*Dataset*.
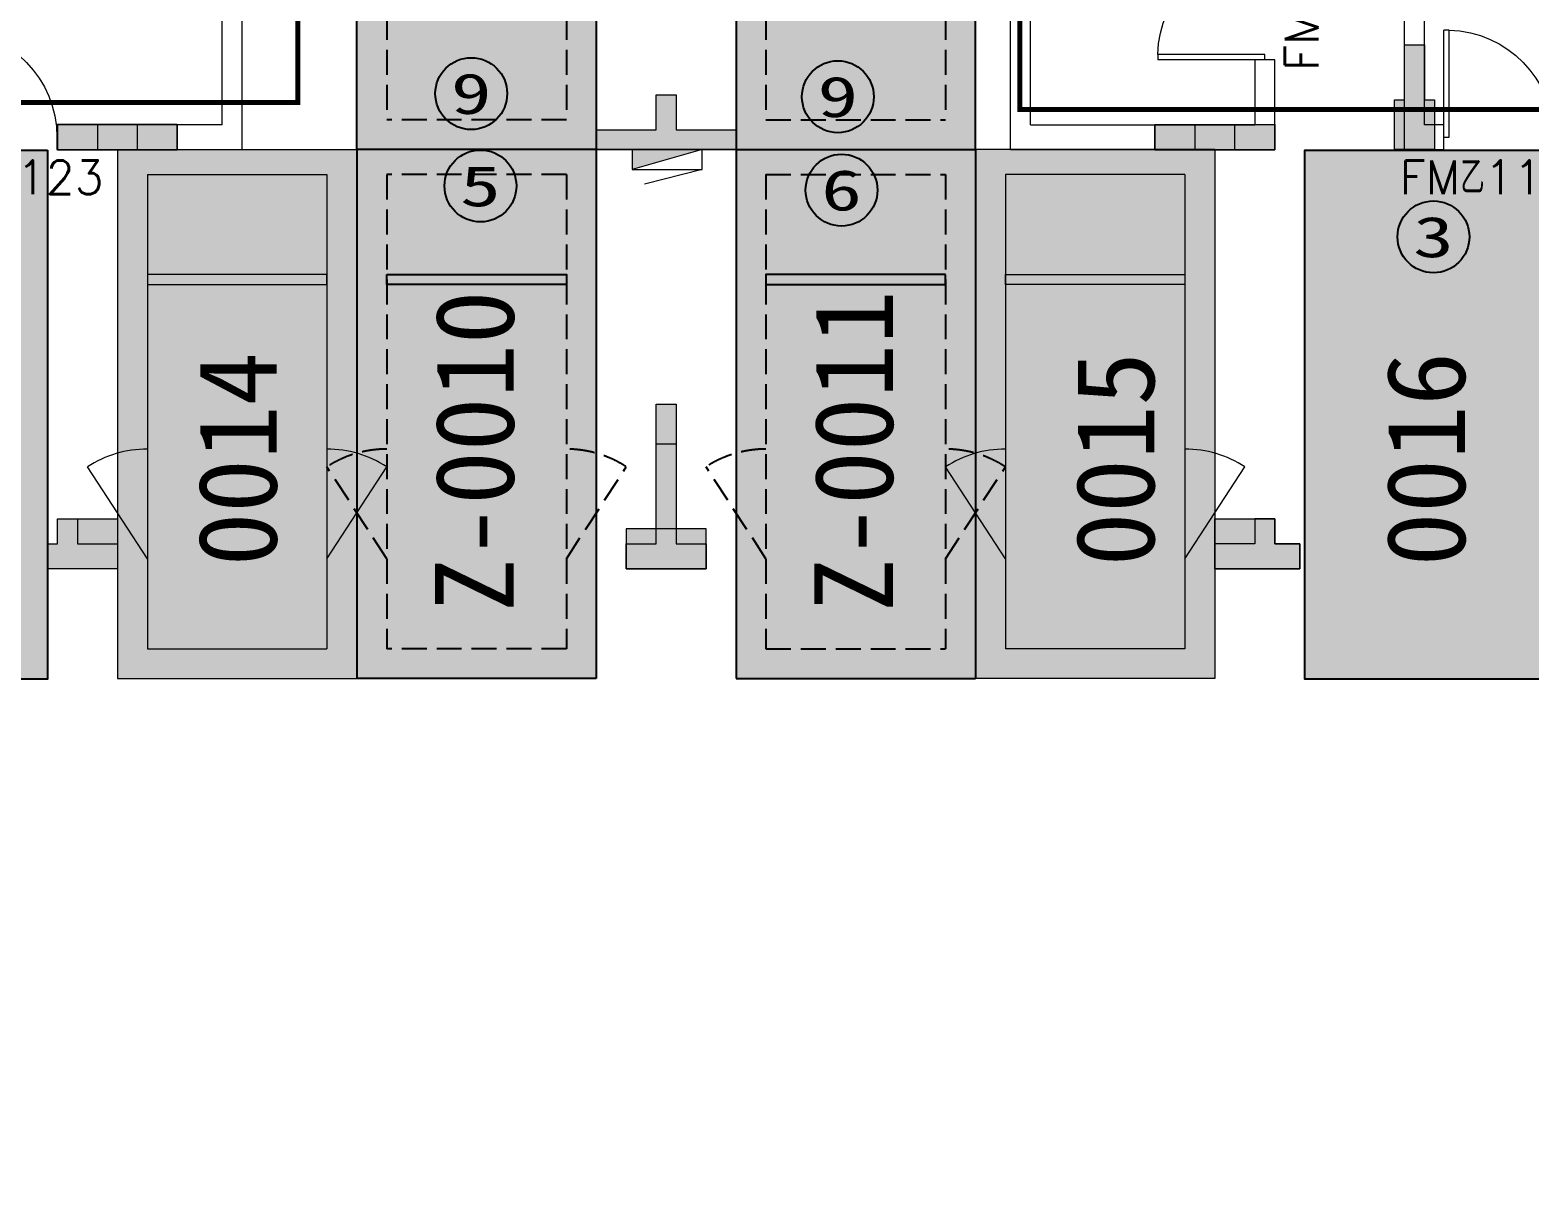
# Model space of a CAD drawing. Extents: x -264757 to 1033689, y 4049843 to 4347093.
# Drawn here: x -24865 to -9831, y 4296979 to 4308511 of the extents above; entities that cross this region are included whole.
import ezdxf
from ezdxf.enums import TextEntityAlignment as Align

# ---------------------------------------------------------------- set-up
doc = ezdxf.new("R2010")
doc.units = 0
doc.header["$LTSCALE"] = 1000
doc.header["$MEASUREMENT"] = 0
doc.linetypes.add('AX-01DK-PB01$1$A-001-车位参照B1$0$A-001-车位参照B1$0$A-001-车位参照B1$0$A-H4-001-基本图形$0$A-001-车位B1$0$DASH', pattern=[0.35, 0.25, -0.1])
doc.linetypes.add('DASH', pattern=[0.35, 0.25, -0.1])
doc.layers.add('AX-01DK-PB01$0$AX-001DK-01-PB01-02$0$A-3-WinF(Text)', color=8, linetype='Continuous', plot=False)
for name, color, linetype in [('不利因素1-紧邻消火栓', 7, 'Continuous'), ('不利因素3-紧邻房间出入口', 7, 'Continuous'), ('不利因素5-单面靠墙', 7, 'Continuous'), ('不利因素6-双面靠墙', 7, 'Continuous'), ('不可售车位', 255, 'Continuous'), ('子母车位', 7, 'Continuous'), ('普通车位', 7, 'Continuous')]:
    doc.layers.add(name, color=color, linetype=linetype)
doc.layers.add('无关图层', color=8, linetype='Continuous', lineweight=0)
doc.layers.add('车位归属楼栋范围线', color=7, linetype='Continuous', true_color=0x19e6c7)
doc.styles.add('AX-01DK-PB01$0$AX-001DK-01-PB01-02$0$_TCH_WINDOW', font='SIMPLEX', dxfattribs={"bigfont": 'GBCBIG'})
doc.styles.add('AX-ACK-BIANH1$0$黑体', font='simhei.ttf')
doc.styles.add('SX-ACK-PB01-WNC-ALL$0$黑体', font='simhei.ttf')
doc.styles.add('黑体', font='simhei.ttf')

# ---------------------------------------------------------------- blocks, each defined once
blk = doc.blocks.new('20200722.21175556')
at = {"layer": '不利因素1-紧邻消火栓', "true_color": 0x3c6a45}
h = blk.add_hatch(color=97, dxfattribs=at)
h.dxf.hatch_style = 1
edge = h.paths.add_edge_path()
edge.add_arc((360, 360), 360, 0, 360)
at = {"layer": '不利因素1-紧邻消火栓'}
blk.add_circle((360, 360), 360, dxfattribs=at)
at = {"layer": '不利因素1-紧邻消火栓', "style": '黑体', "width": 1.390625}
blk.add_text('9', height=407, dxfattribs=at).set_placement((156, 156), (564, 156), align=Align.FIT)
blk = doc.blocks.new('SX-ACK-PB01-WNC-ALL$0$20200722.21182536')
at = {"layer": '不利因素3-紧邻房间出入口', "true_color": 0xe4d218}
h = blk.add_hatch(color=52, dxfattribs=at)
h.dxf.hatch_style = 1
edge = h.paths.add_edge_path()
edge.add_arc((360, 360), 360, 0, 360)
at = {"layer": '不利因素3-紧邻房间出入口'}
blk.add_circle((360, 360), 360, dxfattribs=at)
at = {"layer": '不利因素3-紧邻房间出入口', "style": 'SX-ACK-PB01-WNC-ALL$0$黑体', "width": 1.390625}
blk.add_text('3', height=407, dxfattribs=at).set_placement((156, 156), (564, 156), align=Align.FIT)
blk = doc.blocks.new('SX-ACK-PB01-WNC-ALL$0$20200722.21183209')
at = {"layer": '不利因素5-单面靠墙', "true_color": 0x6d711d}
h = blk.add_hatch(color=66, dxfattribs=at)
h.dxf.hatch_style = 1
edge = h.paths.add_edge_path()
edge.add_arc((360, 360), 360, 0, 360)
at = {"layer": '不利因素5-单面靠墙'}
blk.add_circle((360, 360), 360, dxfattribs=at)
at = {"layer": '不利因素5-单面靠墙', "style": 'SX-ACK-PB01-WNC-ALL$0$黑体', "width": 1.390625}
blk.add_text('5', height=407, dxfattribs=at).set_placement((156, 156), (564, 156), align=Align.FIT)
blk = doc.blocks.new('SX-ACK-PB01-WNC-ALL$0$20200722.21183455')
at = {"layer": '不利因素6-双面靠墙', "true_color": 0xf2b47b}
h = blk.add_hatch(color=31, dxfattribs=at)
h.dxf.hatch_style = 1
edge = h.paths.add_edge_path()
edge.add_arc((360, 360), 360, 0, 360)
at = {"layer": '不利因素6-双面靠墙'}
blk.add_circle((360, 360), 360, dxfattribs=at)
at = {"layer": '不利因素6-双面靠墙', "style": 'SX-ACK-PB01-WNC-ALL$0$黑体', "width": 1.390625}
blk.add_text('6', height=407, dxfattribs=at).set_placement((156, 156), (564, 156), align=Align.FIT)
blk = doc.blocks.new('销控车位')
at = {"layer": '不可售车位', "true_color": 0x757b8a}
h = blk.add_hatch(color=8, dxfattribs=at)
h.dxf.hatch_style = 1
h.paths.add_polyline_path([(2400, 0), (2400, -5300), (0, -5300), (0, 0)])
at = {"layer": '不可售车位', "color": 8, "true_color": 0x757b8a}
blk.add_lwpolyline([(2400, 0), (2400, -5300), (0, -5300), (0, 0)], close=True, dxfattribs=at)
blk = doc.blocks.new('AX-01DK-PB01$0$$DorLib2D$00000001')
at = {"layer": '无关图层'}
for p, q in [((0.45, 0.975), (0.5, 0.975)), ((0.45, 0), (0.45, 0.975)), ((0.5, 0), (0.5, 0.975)), ((0.5, 0), (0.45, 0))]:
    blk.add_line(p, q, dxfattribs=at)
at = {"layer": '无关图层', "lineweight": 13}
blk.add_arc((0.475, 0), 0.975, 91.4693, 180, dxfattribs=at)
blk = doc.blocks.new('PX-03CK-XHS$1$$TWTSYS$00000508')
at = {"layer": '无关图层'}
for p, q in [((-0.5, 0.5), (0.324, 1.224)), ((-0.5, 0.5), (-0.5, -0.5)), ((-0.5, -0.5), (0.5, 0.5)), ((0.5, 0.5), (-0.5, 0.5)), ((0.5, -0.5), (0.5, 0.5)), ((-0.5, -0.5), (0.5, -0.5))]:
    blk.add_line(p, q, dxfattribs=at)
blk.add_solid([(0.5, -0.5), (0.5, 0.5), (-0.5, -0.5)], dxfattribs=at)
blk = doc.blocks.new('A$C741380cb')
at = {"layer": '子母车位', "true_color": 0x0617f9}
h = blk.add_hatch(color=5, dxfattribs=at)
h.dxf.hatch_style = 1
h.paths.add_polyline_path([(2400, 0), (2400, -10400), (0, -10400), (0, 0)])
blk = doc.blocks.new('A$C7e5eb487')
at = {"layer": '普通车位', "true_color": 0xf18f8e}
h = blk.add_hatch(color=11, dxfattribs=at)
h.dxf.hatch_style = 1
h.paths.add_polyline_path([(2400, 0), (2400, -5300), (0, -5300), (0, 0)])

msp = doc.modelspace()

# ---------------------------------------------------------------- hatches: boundary and pattern name
at = {"layer": '无关图层'}
for points in [[(-11189, 4307812.6), (-11089, 4307812.6), (-11089, 4308362.6), (-10889, 4308362.6), (-10889, 4307812.6), (-10789, 4307812.6), (-10789, 4307312.6), (-11189, 4307312.6)], [(-19187.9, 4307511.6), (-18587.9, 4307511.6), (-18587.9, 4307861.6), (-18387.9, 4307861.6), (-18387.9, 4307511.6), (-17787.9, 4307511.6), (-17787.9, 4307311.6), (-19187.9, 4307311.6)], [(-24589.7, 4307562.6), (-24189.7, 4307563.1), (-24189.7, 4307312.1), (-24589.7, 4307311.5)], [(-23789, 4307562.6), (-23389, 4307563.1), (-23389, 4307312.1), (-23789, 4307311.5)], [(-13589.7, 4307562.6), (-13189.7, 4307563.1), (-13189.7, 4307312.1), (-13589.7, 4307311.5)], [(-12789, 4307562.6), (-12389, 4307563.1), (-12389, 4307312.1), (-12789, 4307311.5)], [(-18387.6, 4304761.6), (-18387.9, 4304361.6), (-18589, 4304361.6), (-18588.6, 4304761.6)], [(-24588.4, 4303612.6), (-23988.4, 4303612.6), (-23988.4, 4303112.6), (-24588.4, 4303112.6), (-24688.4, 4303112.6), (-24688.2, 4303362.6), (-24588.4, 4303362.6)], [(-12989.1, 4303612.6), (-12389.1, 4303612.6), (-12389.1, 4303362.6), (-12138.7, 4303362.6), (-12138.7, 4303112.6), (-12989.1, 4303112.6)], [(-18088.3, 4303512.6), (-18888.5, 4303512.6), (-18888.5, 4303112.6), (-18088.3, 4303112.6)]]:
    msp.add_hatch(color=256, dxfattribs=at).paths.add_polyline_path(points)
h = msp.add_hatch(color=256, dxfattribs=at)
h.dxf.hatch_style = 1
h.paths.add_polyline_path([(-19188.5, 4307512.6), (-18588.5, 4307512.6), (-18588.5, 4307862.6), (-18388.5, 4307862.6), (-18388.5, 4307512.6), (-17788.5, 4307512.6), (-17788.5, 4307312.6), (-19188.5, 4307312.6)])
h = msp.add_hatch(color=256, dxfattribs=at)
h.dxf.hatch_style = 1
h.paths.add_polyline_path([(-23389, 4307563.1), (-24589.7, 4307563.1), (-24589.7, 4307311.5), (-23389, 4307311.5)])
h = msp.add_hatch(color=256, dxfattribs=at)
h.dxf.hatch_style = 1
h.paths.add_polyline_path([(-12389, 4307562.6), (-13589.7, 4307562.6), (-13589.7, 4307311.5), (-12389, 4307311.5)])
h = msp.add_hatch(color=256, dxfattribs=at)
h.dxf.hatch_style = 1
h.paths.add_polyline_path([(-18888.5, 4303362.6), (-18588.5, 4303362.6), (-18588.5, 4304762.6), (-18388.5, 4304762.6), (-18388.5, 4303362.6), (-18088.5, 4303362.6), (-18088.5, 4303112.6), (-18888.5, 4303112.6)])
h = msp.add_hatch(color=256, dxfattribs=at)
h.dxf.hatch_style = 1
h.paths.add_polyline_path([(-24688.4, 4303112.6), (-24688.4, 4303362.6), (-24588.4, 4303362.6), (-24588.4, 4303612.6), (-24388.4, 4303612.6), (-24388.4, 4303362.6), (-23988.4, 4303362.6), (-23988.4, 4303112.6), (-24388.4, 4303112.6)])
h = msp.add_hatch(color=256, dxfattribs=at)
h.dxf.hatch_style = 1
h.paths.add_polyline_path([(-12138.7, 4303112.6), (-12138.7, 4303362.6), (-12388.7, 4303362.6), (-12388.7, 4303612.6), (-12588.7, 4303612.6), (-12588.7, 4303362.6), (-12988.7, 4303362.6), (-12988.7, 4303112.6), (-12588.7, 4303112.6)])

# ---------------------------------------------------------------- linework, layer by layer
at = {"layer": '子母车位', "color": 8, "linetype": 'AX-01DK-PB01$1$A-001-车位参照B1$0$A-001-车位参照B1$0$A-001-车位参照B1$0$A-H4-001-基本图形$0$A-001-车位B1$0$DASH'}
for p, q in [((-21288.8, 4312162.6), (-21288.8, 4307612.6, 0)), ((-19488.8, 4312162.6), (-19488.8, 4307612.6, 0)), ((-17488.9, 4312162.6), (-17488.9, 4307612.6, 0)), ((-15688.9, 4312162.6), (-15688.9, 4307612.6, 0)), ((-19488.8, 4307612.6, 0), (-21288.8, 4307612.6, 0)), ((-17488.9, 4307612.6, 0), (-15688.9, 4307612.6, 0)), ((-19488.9, 4307062.6, 0), (-21288.9, 4307062.6, 0)), ((-21288.9, 4307062.6, 0), (-21288.9, 4302312.6)), ((-19488.9, 4307062.6, 0), (-19488.9, 4302312.6)), ((-17488.8, 4307062.6, 0), (-15688.8, 4307062.6, 0)), ((-17488.8, 4307062.6, 0), (-17488.8, 4302312.6)), ((-15688.8, 4307062.6, 0), (-15688.8, 4302312.6)), ((-19488.9, 4302312.6), (-21288.9, 4302312.6)), ((-17488.8, 4302312.6), (-15688.8, 4302312.6))]:
    msp.add_line(p, q, dxfattribs=at)
at = {"layer": '子母车位', "color": 83}
for p, q in [((-21588.9, 4307312.6, 0), (-21588.9, 4302012.6)), ((-19188.9, 4307312.6, 0), (-21588.9, 4307312.6, 0)), ((-19188.9, 4307312.6, 0), (-19188.9, 4302012.6)), ((-17788.8, 4307312.6, 0), (-17788.8, 4302012.6)), ((-17788.8, 4307312.6, 0), (-15388.8, 4307312.6, 0)), ((-15388.8, 4307312.6, 0), (-15388.8, 4302012.6)), ((-19188.9, 4302012.6), (-21588.9, 4302012.6)), ((-17788.8, 4302012.6), (-15388.8, 4302012.6))]:
    msp.add_line(p, q, dxfattribs=at)
for points in [[(-21588.8, 4312412.6), (-19188.8, 4312412.6), (-19188.8, 4307312.6), (-21588.8, 4307312.6)], [(-15388.9, 4312412.6), (-17788.9, 4312412.6), (-17788.8, 4307312.6), (-15388.8, 4307312.6)]]:
    msp.add_lwpolyline(points, close=True, dxfattribs=at)
at = {"layer": '子母车位', "elevation": 0}
for points in [[(-21288.9, 4306062.6), (-19488.9, 4306062.6), (-19488.9, 4305962.6), (-21288.9, 4305962.6)], [(-15688.8, 4306062.6), (-17488.8, 4306062.6), (-17488.8, 4305962.6), (-15688.8, 4305962.6)]]:
    msp.add_lwpolyline(points, close=True, dxfattribs=at)
at = {"layer": '子母车位', "linetype": 'AX-01DK-PB01$1$A-001-车位参照B1$0$A-001-车位参照B1$0$A-001-车位参照B1$0$A-H4-001-基本图形$0$A-001-车位B1$0$DASH', "elevation": 0}
for points in [[(-21288.9, 4303212.6), (-21888.9, 4304134.6)], [(-19488.9, 4303212.6), (-18888.9, 4304134.6)], [(-17488.8, 4303212.6), (-18088.8, 4304134.6)], [(-15688.8, 4303212.6), (-15088.8, 4304134.6)]]:
    msp.add_lwpolyline(points, dxfattribs=at)
at = {"layer": '子母车位', "linetype": 'AX-01DK-PB01$1$A-001-车位参照B1$0$A-001-车位参照B1$0$A-001-车位参照B1$0$A-H4-001-基本图形$0$A-001-车位B1$0$DASH'}
for centre, start, end in [((-21288.9, 4303212.6), 90, 123.05573), ((-19488.9, 4303212.6), 56.94427, 90), ((-17488.8, 4303212.6), 90, 123.05573), ((-15688.8, 4303212.6), 56.94427, 90)]:
    msp.add_arc(centre, 1100, start, end, dxfattribs=at)
at = {"layer": '无关图层'}
for p, q in [((-22738.7, 4307312.6), (-22738.7, 4311812.6)), ((-15038.8, 4307312.6), (-15038.8, 4311812.6)), ((-22938.7, 4307562.6), (-22938.7, 4311612.6)), ((-11088.5, 4307312.6), (-11088.5, 4311612.6)), ((-10888.5, 4307562.6), (-10888.5, 4311612.6)), ((-14838.8, 4307562.6), (-14838.8, 4311412.6)), ((-12389, 4308212.6), (-12589, 4308212.6)), ((-12589, 4308212.6), (-12589, 4307562.6)), ((-12389, 4307312.6), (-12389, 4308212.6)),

*Your objective*.
With all pictures left out, please transcribe exactly the lines from the start of the material through the line with "from ezdxf.enums import".

*Task output*.
# Model space of a CAD drawing. Extents: x -264757 to 1033689, y 4049843 to 4347093.
# Drawn here: x -24865 to -9831, y 4296979 to 4308511 of the extents above; entities that cross this region are included whole.
import ezdxf
from ezdxf.enums import TextEntityAlignment as Align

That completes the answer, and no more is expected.